Ablordeppey KK, Timmaraju VA, Song-Yang JW, et al. Development and Analytical Validation of an Expanded Mutation Detection Panel for Next-Generation Sequencing of Thyroid Nodule Aspirates. 2019. DOI: https://doi.org/10.1016/j.jmoldx.2019.11.003.

This paper discusses the development of an expanded mutation panel (ThyGeNEXT®). Additionally, it demonstrates the analytical validation of the expanded NGS panel test and compares analytical characteristics of ThyGeNEXT to the original (focused mutational panel), which it superseded, thereby providing the basis for clinical validation.

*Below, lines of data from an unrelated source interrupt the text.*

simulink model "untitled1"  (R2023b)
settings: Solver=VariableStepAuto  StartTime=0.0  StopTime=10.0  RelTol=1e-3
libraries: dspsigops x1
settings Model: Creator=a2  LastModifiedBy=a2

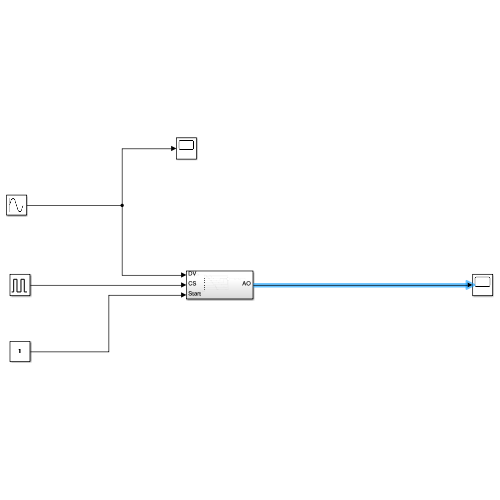
[thumbnail: Simulink's stored preview of the top-level diagram]
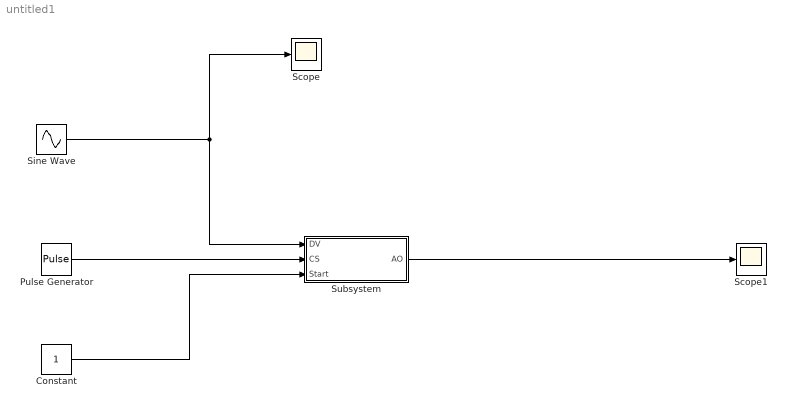
== system untitled1 ==
  Constant : Constant
  Pulse Generator : DiscretePulseGenerator  PulseType=Time based  Period=10  PulseWidth=5
  Scope : Scope
  Scope1 : Scope
  Sine Wave : Sin  SampleTime=0
  Subsystem : Subsystem
  wires:
  Sine Wave/1 -> Subsystem/1(DV), Scope/1
  Pulse Generator/1 -> Subsystem/2(CS)
  Constant/1 -> Subsystem/3(Start)
  Subsystem/1(AO) -> Scope1/1

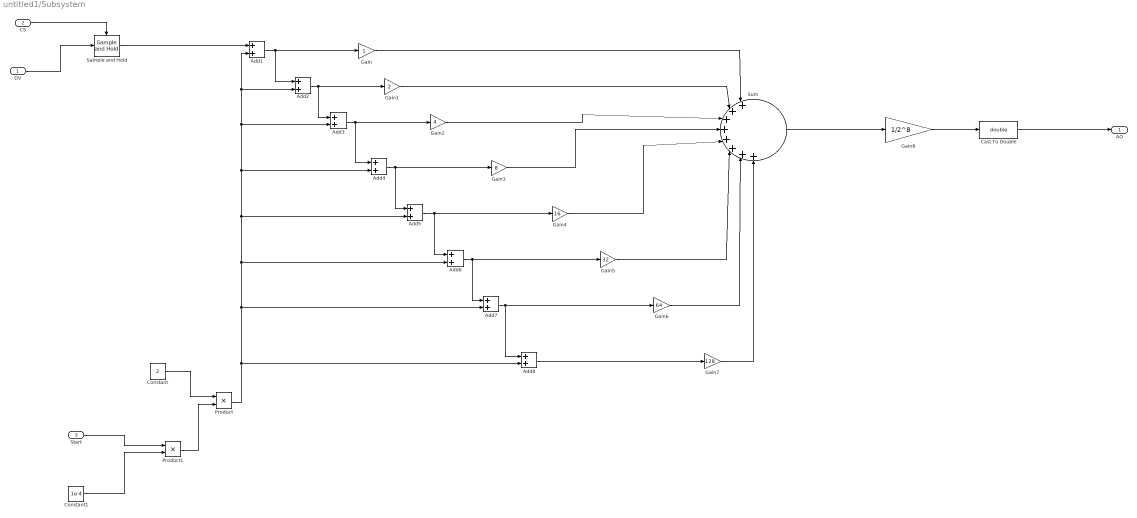
== system untitled1/Subsystem ==
  DV : Inport
  CS : Inport  Port=2
  Start : Inport  Port=3
  Add{1..8} (8 alike) : Sum
  Cast To Double : DataTypeConversion  OutDataTypeStr=double  SaturateOnIntegerOverflow=off  RndMeth=Floor
  Constant : Constant  Value=2
  Constant1 : Constant  Value=1e-4
  Gain : Gain
  Gain1 : Gain  Gain=2
  Gain2 : Gain  Gain=4
  Gain3 : Gain  Gain=8
  Gain4 : Gain  Gain=16
  Gain5 : Gain  Gain=32
  Gain6 : Gain  Gain=64
  Gain7 : Gain  Gain=128
  Gain8 : Gain  Gain=1/2^8
  Product : Product
  Product1 : Product
  Sample and Hold : dspsigops/Sample and Hold  trig=Rising edge  initCond=0  latchinput=off
  Sum : Sum  Inputs=|++++++++
  AO : Outport
  wires:
  CS/1 -> Sample and Hold/Trigger
  DV/1 -> Sample and Hold/1
  Add1/1 -> Add2/1, Gain/1
  Add2/1 -> Add3/1, Gain1/1
  Add3/1 -> Add4/1, Gain2/1
  Add4/1 -> Add5/1, Gain3/1
  Add5/1 -> Add6/1, Gain4/1
  Add6/1 -> Add7/1, Gain5/1
  Add7/1 -> Add8/1, Gain6/1
  Add8/1 -> Gain7/1
  Gain7/1 -> Sum/8
  Gain6/1 -> Sum/7
  Gain5/1 -> Sum/6
  Gain4/1 -> Sum/5
  Gain3/1 -> Sum/4
  Gain2/1 -> Sum/3
  Gain1/1 -> Sum/2
  Gain/1 -> Sum/1
  Sample and Hold/1 -> Add1/1
  Product/1 -> Add7/2, Add6/2, Add4/2, Add3/2, Add2/2, Add1/2, Add5/2, Add8/2
  Constant/1 -> Product/1
  Product1/1 -> Product/2
  Start/1 -> Product1/1
  Constant1/1 -> Product1/2
  Gain8/1 -> Cast To Double/1
  Sum/1 -> Gain8/1
  Cast To Double/1 -> AO/1
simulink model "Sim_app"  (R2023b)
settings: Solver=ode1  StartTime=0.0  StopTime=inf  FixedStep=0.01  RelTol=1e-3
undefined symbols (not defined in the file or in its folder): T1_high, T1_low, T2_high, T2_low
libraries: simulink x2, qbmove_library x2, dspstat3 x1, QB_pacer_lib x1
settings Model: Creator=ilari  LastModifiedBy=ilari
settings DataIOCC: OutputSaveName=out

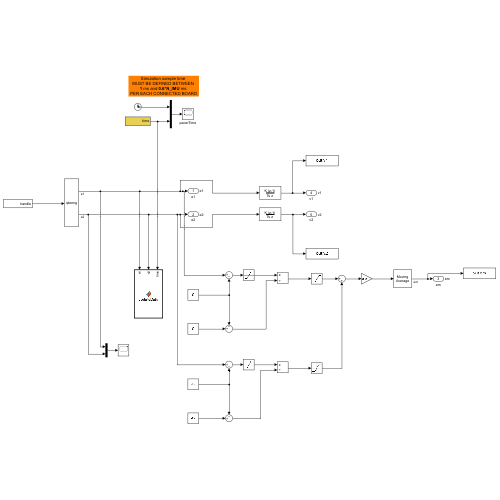
[thumbnail: Simulink's stored preview of the top-level diagram]
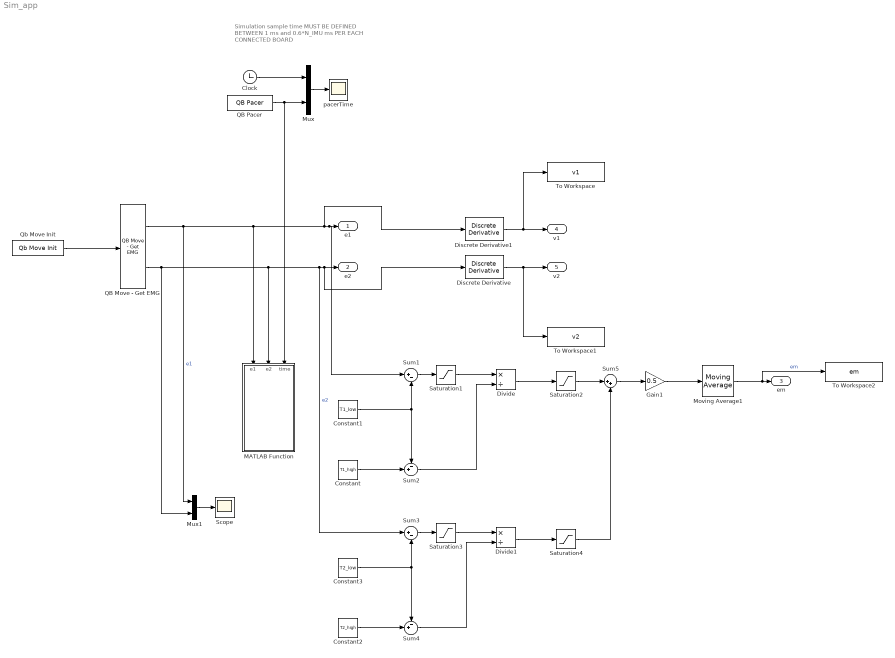
== system Sim_app ==
  note: Simulation sample time
      | MUST BE DEFINED BETWEEN
      | 1 ms and 0.6*N_IMU ms
      | PER EACH CONNECTED BOARD
  Clock : Clock
  Constant : Constant  Value=T1_high
  Constant1 : Constant  Value=T1_low
  Constant2 : Constant  Value=T2_high
  Constant3 : Constant  Value=T2_low
  Discrete Derivative : simulink/Discrete/Discrete Derivative  gainval=1.0  ICPrevScaledInput=0.0  OutMin=[]  OutMax=[]  OutDataType=fixdt(1, 16)  OutScaling=2^-10  DoSatur=off
  Discrete Derivative1 : simulink/Discrete/Discrete Derivative  gainval=1.0  ICPrevScaledInput=0.0  OutMin=[]  OutMax=[]  OutDataType=fixdt(1, 16)  OutScaling=2^-10  DoSatur=off
  Divide : Product  Inputs=*/
  Divide1 : Product  Inputs=*/
  Gain1 : Gain  Gain=0.5
  MATLAB Function : MATLAB Function  TreatAsAtomicUnit=on
  Moving Average1 : dspstat3/Moving Average  Method=Sliding window  ForgettingFactorPort=off  SpecifyWindowLength=on  WindowLength=5  OverlapLength=4  AllowArbitraryInputLength=off  ForgettingFactor=0.9  SimulateUsing=Code generation
  Mux : Mux  Inputs=2
  Mux1 : Mux  Inputs=2
  QB Move - Get EMG : qbmove_library/QB Move - Get EMG  ID=10  DAISY_CHAINING=off
      settings: SourceProductName=Qb Move Library
  QB Pacer : QB_pacer_lib/QB Pacer  simTimePerRealTime=1
      settings: SourceProductName=QB Pacer
  Qb Move Init : qbmove_library/Qb Move Init  NUMBER_OF_COM='COM7'  BAUD_RATE_COM=2000000
      settings: SourceProductName=Qb Move Library
  Saturation1 : Saturate  UpperLimit=1024  LowerLimit=0
  Saturation2 : Saturate  UpperLimit=1  LowerLimit=0
  Saturation3 : Saturate  UpperLimit=1024  LowerLimit=0
  Saturation4 : Saturate  UpperLimit=1  LowerLimit=0
  Scope : Scope
  Sum1 : Sum  Inputs=|+-
  Sum2 : Sum  Inputs=-+|
  Sum3 : Sum  Inputs=|+-
  Sum4 : Sum  Inputs=-+|
  Sum5 : Sum  Inputs=|++
  To Workspace : ToWorkspace  VariableName=v1  SaveFormat=Timeseries  SampleTime=-1
  To Workspace1 : ToWorkspace  VariableName=v2  SaveFormat=Timeseries  SampleTime=-1
  To Workspace2 : ToWorkspace  VariableName=em  SaveFormat=Timeseries  SampleTime=-1
  pacerTime : Scope
  e1 : Outport  SignalName=e1
  e2 : Outport  Port=2  SignalName=e2
  em : Outport  Port=3  SignalName=em
  v1 : Outport  Port=4  SignalName=v1
  v2 : Outport  Port=5  SignalName=v2
  wires:
  Mux/1 -> pacerTime/1
  Clock/1 -> Mux/1
  Qb Move Init/1 -> QB Move - Get EMG/1
  QB Move - Get EMG/1 -> Mux1/1, Discrete Derivative1/1, Sum1/1, e1/1, MATLAB Function/1(e1)  "e1"
  QB Move - Get EMG/2 -> Mux1/2, Sum3/1, Discrete Derivative/1, e2/1, MATLAB Function/2(e2)  "e2"
  Constant/1 -> Sum2/2
  Constant1/1 -> Sum2/1, Sum1/2
  Saturation3/1 -> Divide1/1
  Sum3/1 -> Saturation3/1
  Constant3/1 -> Sum4/1, Sum3/2
  Sum4/1 -> Divide1/2
  Divide1/1 -> Saturation4/1
  Saturation1/1 -> Divide/1
  Sum2/1 -> Divide/2
  Constant2/1 -> Sum4/2
  Sum5/1 -> Gain1/1
  Sum1/1 -> Saturation1/1
  Saturation2/1 -> Sum5/1
  Moving Average1/1 -> To Workspace2/1, em/1  "em"
  Saturation4/1 -> Sum5/2
  Gain1/1 -> Moving Average1/1
  Divide/1 -> Saturation2/1
  Discrete Derivative/1 -> To Workspace1/1, v2/1
  Discrete Derivative1/1 -> To Workspace/1, v1/1
  QB Pacer/1 -> Mux/2, MATLAB Function/3(time)
  Mux1/1 -> Scope/1

== matlab function Sim_app/MATLAB Function ==
  data: e1 input; e2 input; time input
function updateData(e1, e2, time)

    assignin('base', 'e1_Live', e1);
    assignin('base', 'e2_Live', e2);
    assignin('base', 'Time_Live', time);
    
    % evalin('base', sprintf('Time_Live(end+1) = %f', time))
    % evalin('base', sprintf('e1_Live(end+1) = %f', e1))
    % evalin('base', sprintf('e2_Live(end+1) = %f', e2))


end

Included are descriptions of the development of the expanded NGS panel and optimization of various steps for the library preparation of multiplexed target genes to maintain quality parameters for sequencing and to improve the robustness of the test for use in clinical testing in a CAP/CLIA certified laboratory. Analytical validation of ThyGeNEXT as a laboratory-developed test included the demonstration of assay reproducibility and lower limit of detection, as well as other fundamental quality parameters. 

Data presented here firmly demonstrate that the qualitative and quantitative performance of ThyGeNEXT is similar to the original smaller, focused panel test, applicable to both FNA biopsies placed directly into RNA protectant and stained cytology smear slides. The expanded test was found not to generate false positive or false negative molecular results for the five genes (BRAF, HRAS, KRAS, NRAS, PIK3CA) and six fusions (PAX8-PPARγ and RET-PTC) previously reported by the focused test. At the same time, expanded testing clearly provided additional molecular information on gene alterations potentially associated with aggressive forms of differentiated thyroid cancer for poor outcome (eg, TERT, RET, and ALK genes). 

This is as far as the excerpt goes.